BEGIN Source records

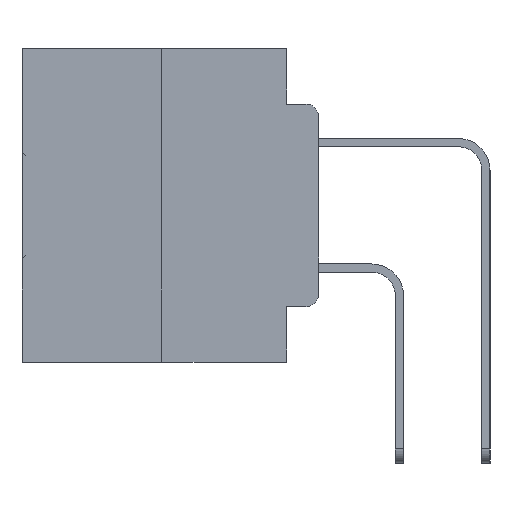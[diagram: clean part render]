
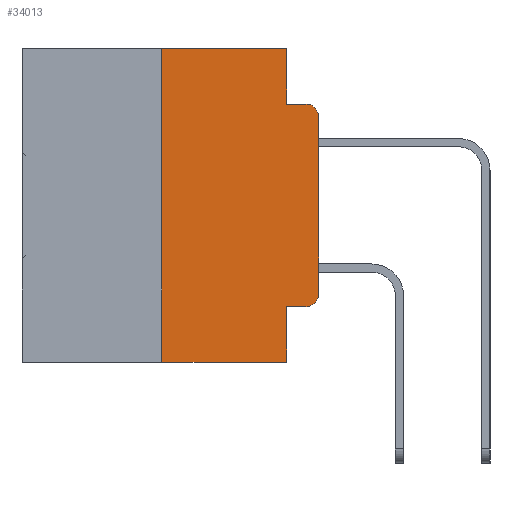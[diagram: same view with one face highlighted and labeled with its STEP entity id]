
A CAD part, left-side view. The second image highlights one B-rep face of the part: STEP entity #34013.
In plain terms, the highlighted planar face has unit normal (-1, 0, 0).
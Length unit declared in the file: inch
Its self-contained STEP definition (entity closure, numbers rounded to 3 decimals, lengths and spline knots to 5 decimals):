
#336 = DIRECTION ( 'NONE',  ( 0., 0., -1. ) ) ;
#516 = ORIENTED_EDGE ( 'NONE', *, *, #23495, .F. ) ;
#961 = CARTESIAN_POINT ( 'NONE',  ( 0., 0.051, -0.4115 ) ) ;
#1136 = CARTESIAN_POINT ( 'NONE',  ( 0., 0.25, -0.5 ) ) ;
#1278 = LINE ( 'NONE', #11036, #12885 ) ;
#1475 = CARTESIAN_POINT ( 'NONE',  ( 0., 0., -0.3915 ) ) ;
#2183 = DIRECTION ( 'NONE',  ( 0., 0., -1. ) ) ;
#2389 = VECTOR ( 'NONE', #7011, 39.37008 ) ;
#3510 = VERTEX_POINT ( 'NONE', #6948 ) ;
#5036 = ORIENTED_EDGE ( 'NONE', *, *, #30736, .T. ) ;
#6676 = ORIENTED_EDGE ( 'NONE', *, *, #23038, .T. ) ;
#6948 = CARTESIAN_POINT ( 'NONE',  ( 0., 0.051, -0.5 ) ) ;
#7011 = DIRECTION ( 'NONE',  ( 0., -1., 0. ) ) ;
#7104 = CIRCLE ( 'NONE', #14151, 0.02 ) ;
#7177 = CARTESIAN_POINT ( 'NONE',  ( 0., 0.473, -0.5 ) ) ;
#8060 = DIRECTION ( 'NONE',  ( 0., -1., 0. ) ) ;
#9365 = EDGE_CURVE ( 'NONE', #18049, #10583, #27024, .T. ) ;
#9853 = VERTEX_POINT ( 'NONE', #1475 ) ;
#10583 = VERTEX_POINT ( 'NONE', #28759 ) ;
#10680 = VERTEX_POINT ( 'NONE', #29098 ) ;
#10973 = VECTOR ( 'NONE', #25837, 39.37008 ) ;
#11036 = CARTESIAN_POINT ( 'NONE',  ( 0., 0.473, 0. ) ) ;
#11483 = DIRECTION ( 'NONE',  ( 0., 0., 1. ) ) ;
#11623 = PLANE ( 'NONE',  #28362 ) ;
#11738 = DIRECTION ( 'NONE',  ( 1., 0., 0. ) ) ;
#12113 = EDGE_CURVE ( 'NONE', #10680, #9853, #7104, .T. ) ;
#12485 = DIRECTION ( 'NONE',  ( -1., 0., 0. ) ) ;
#12575 = ORIENTED_EDGE ( 'NONE', *, *, #27659, .T. ) ;
#12819 = EDGE_CURVE ( 'NONE', #10583, #25580, #1278, .T. ) ;
#12885 = VECTOR ( 'NONE', #16339, 39.37008 ) ;
#12979 = ORIENTED_EDGE ( 'NONE', *, *, #9365, .F. ) ;
#13010 = ORIENTED_EDGE ( 'NONE', *, *, #14853, .F. ) ;
#13080 = VERTEX_POINT ( 'NONE', #26096 ) ;
#13382 = ORIENTED_EDGE ( 'NONE', *, *, #12819, .F. ) ;
#13448 = ORIENTED_EDGE ( 'NONE', *, *, #12113, .T. ) ;
#13955 = LINE ( 'NONE', #26702, #28095 ) ;
#14151 = AXIS2_PLACEMENT_3D ( 'NONE', #32045, #16268, #336 ) ;
#14725 = ORIENTED_EDGE ( 'NONE', *, *, #18202, .T. ) ;
#14853 = EDGE_CURVE ( 'NONE', #15793, #3510, #33393, .T. ) ;
#15474 = CARTESIAN_POINT ( 'NONE',  ( 0., 0.25, 0. ) ) ;
#15793 = VERTEX_POINT ( 'NONE', #961 ) ;
#16268 = DIRECTION ( 'NONE',  ( -1., 0., 0. ) ) ;
#16339 = DIRECTION ( 'NONE',  ( 0., -1., 0. ) ) ;
#16779 = CARTESIAN_POINT ( 'NONE',  ( 0., 0., 0. ) ) ;
#18049 = VERTEX_POINT ( 'NONE', #1136 ) ;
#18202 = EDGE_CURVE ( 'NONE', #15793, #10680, #30587, .T. ) ;
#18287 = LINE ( 'NONE', #16779, #31450 ) ;
#18826 = FACE_OUTER_BOUND ( 'NONE', #30562, .T. ) ;
#19463 = VECTOR ( 'NONE', #2183, 39.37008 ) ;
#19715 = CARTESIAN_POINT ( 'NONE',  ( 0., 0.473, 0. ) ) ;
#20202 = DIRECTION ( 'NONE',  ( 0., 0., -1. ) ) ;
#20488 = ORIENTED_EDGE ( 'NONE', *, *, #26595, .F. ) ;
#22437 = VERTEX_POINT ( 'NONE', #25940 ) ;
#23038 = EDGE_CURVE ( 'NONE', #25942, #13080, #30301, .T. ) ;
#23495 = EDGE_CURVE ( 'NONE', #25580, #22437, #33555, .T. ) ;
#23733 = CARTESIAN_POINT ( 'NONE',  ( 0., 0., -0.1085 ) ) ;
#25580 = VERTEX_POINT ( 'NONE', #27809 ) ;
#25837 = DIRECTION ( 'NONE',  ( 0., -1., 0. ) ) ;
#25940 = CARTESIAN_POINT ( 'NONE',  ( 0., 0.051, -0.0885 ) ) ;
#25942 = VERTEX_POINT ( 'NONE', #23733 ) ;
#26096 = CARTESIAN_POINT ( 'NONE',  ( 0., 0.02, -0.0885 ) ) ;
#26595 = EDGE_CURVE ( 'NONE', #22437, #13080, #13955, .T. ) ;
#26667 = VECTOR ( 'NONE', #20202, 39.37008 ) ;
#26702 = CARTESIAN_POINT ( 'NONE',  ( 0., 0.051, -0.0885 ) ) ;
#27024 = LINE ( 'NONE', #15474, #33118 ) ;
#27659 = EDGE_CURVE ( 'NONE', #18049, #3510, #32117, .T. ) ;
#27809 = CARTESIAN_POINT ( 'NONE',  ( 0., 0.051, 0. ) ) ;
#28095 = VECTOR ( 'NONE', #8060, 39.37008 ) ;
#28194 = CARTESIAN_POINT ( 'NONE',  ( 0., 0.051, -0.4115 ) ) ;
#28196 = AXIS2_PLACEMENT_3D ( 'NONE', #28431, #12485, #31030 ) ;
#28362 = AXIS2_PLACEMENT_3D ( 'NONE', #19715, #11738, #30295 ) ;
#28431 = CARTESIAN_POINT ( 'NONE',  ( 0., 0.02, -0.1085 ) ) ;
#28759 = CARTESIAN_POINT ( 'NONE',  ( 0., 0.25, 0. ) ) ;
#29098 = CARTESIAN_POINT ( 'NONE',  ( 0., 0.02, -0.4115 ) ) ;
#30295 = DIRECTION ( 'NONE',  ( 0., 0., -1. ) ) ;
#30301 = CIRCLE ( 'NONE', #28196, 0.02 ) ;
#30562 = EDGE_LOOP ( 'NONE', ( #5036, #6676, #20488, #516, #13382, #12979, #12575, #13010, #14725, #13448 ) ) ;
#30587 = LINE ( 'NONE', #28194, #2389 ) ;
#30663 = CARTESIAN_POINT ( 'NONE',  ( 0., 0.051, 0. ) ) ;
#30736 = EDGE_CURVE ( 'NONE', #9853, #25942, #18287, .T. ) ;
#31030 = DIRECTION ( 'NONE',  ( 0., 0., -1. ) ) ;
#31450 = VECTOR ( 'NONE', #11483, 39.37008 ) ;
#32045 = CARTESIAN_POINT ( 'NONE',  ( 0., 0.02, -0.3915 ) ) ;
#32117 = LINE ( 'NONE', #7177, #10973 ) ;
#33118 = VECTOR ( 'NONE', #33860, 39.37008 ) ;
#33393 = LINE ( 'NONE', #33828, #19463 ) ;
#33555 = LINE ( 'NONE', #30663, #26667 ) ;
#33828 = CARTESIAN_POINT ( 'NONE',  ( 0., 0.051, 0. ) ) ;
#33860 = DIRECTION ( 'NONE',  ( 0., 0., 1. ) ) ;
#34013 = ADVANCED_FACE ( 'NONE', ( #18826 ), #11623, .F. ) ;

END Source records

The problem:
Only one stretch of the entries above is wanted: the lines from the one containing "#18049 = VERTEX_POINT ( 'NONE', #1136 ) ;" through the one containing "#26702 = CARTESIAN_POINT". Please reproduce it exactly.

Exercise result:
#18049 = VERTEX_POINT ( 'NONE', #1136 ) ;
#18202 = EDGE_CURVE ( 'NONE', #15793, #10680, #30587, .T. ) ;
#18287 = LINE ( 'NONE', #16779, #31450 ) ;
#18826 = FACE_OUTER_BOUND ( 'NONE', #30562, .T. ) ;
#19463 = VECTOR ( 'NONE', #2183, 39.37008 ) ;
#19715 = CARTESIAN_POINT ( 'NONE',  ( 0., 0.473, 0. ) ) ;
#20202 = DIRECTION ( 'NONE',  ( 0., 0., -1. ) ) ;
#20488 = ORIENTED_EDGE ( 'NONE', *, *, #26595, .F. ) ;
#22437 = VERTEX_POINT ( 'NONE', #25940 ) ;
#23038 = EDGE_CURVE ( 'NONE', #25942, #13080, #30301, .T. ) ;
#23495 = EDGE_CURVE ( 'NONE', #25580, #22437, #33555, .T. ) ;
#23733 = CARTESIAN_POINT ( 'NONE',  ( 0., 0., -0.1085 ) ) ;
#25580 = VERTEX_POINT ( 'NONE', #27809 ) ;
#25837 = DIRECTION ( 'NONE',  ( 0., -1., 0. ) ) ;
#25940 = CARTESIAN_POINT ( 'NONE',  ( 0., 0.051, -0.0885 ) ) ;
#25942 = VERTEX_POINT ( 'NONE', #23733 ) ;
#26096 = CARTESIAN_POINT ( 'NONE',  ( 0., 0.02, -0.0885 ) ) ;
#26595 = EDGE_CURVE ( 'NONE', #22437, #13080, #13955, .T. ) ;
#26667 = VECTOR ( 'NONE', #20202, 39.37008 ) ;
#26702 = CARTESIAN_POINT ( 'NONE',  ( 0., 0.051, -0.0885 ) ) ;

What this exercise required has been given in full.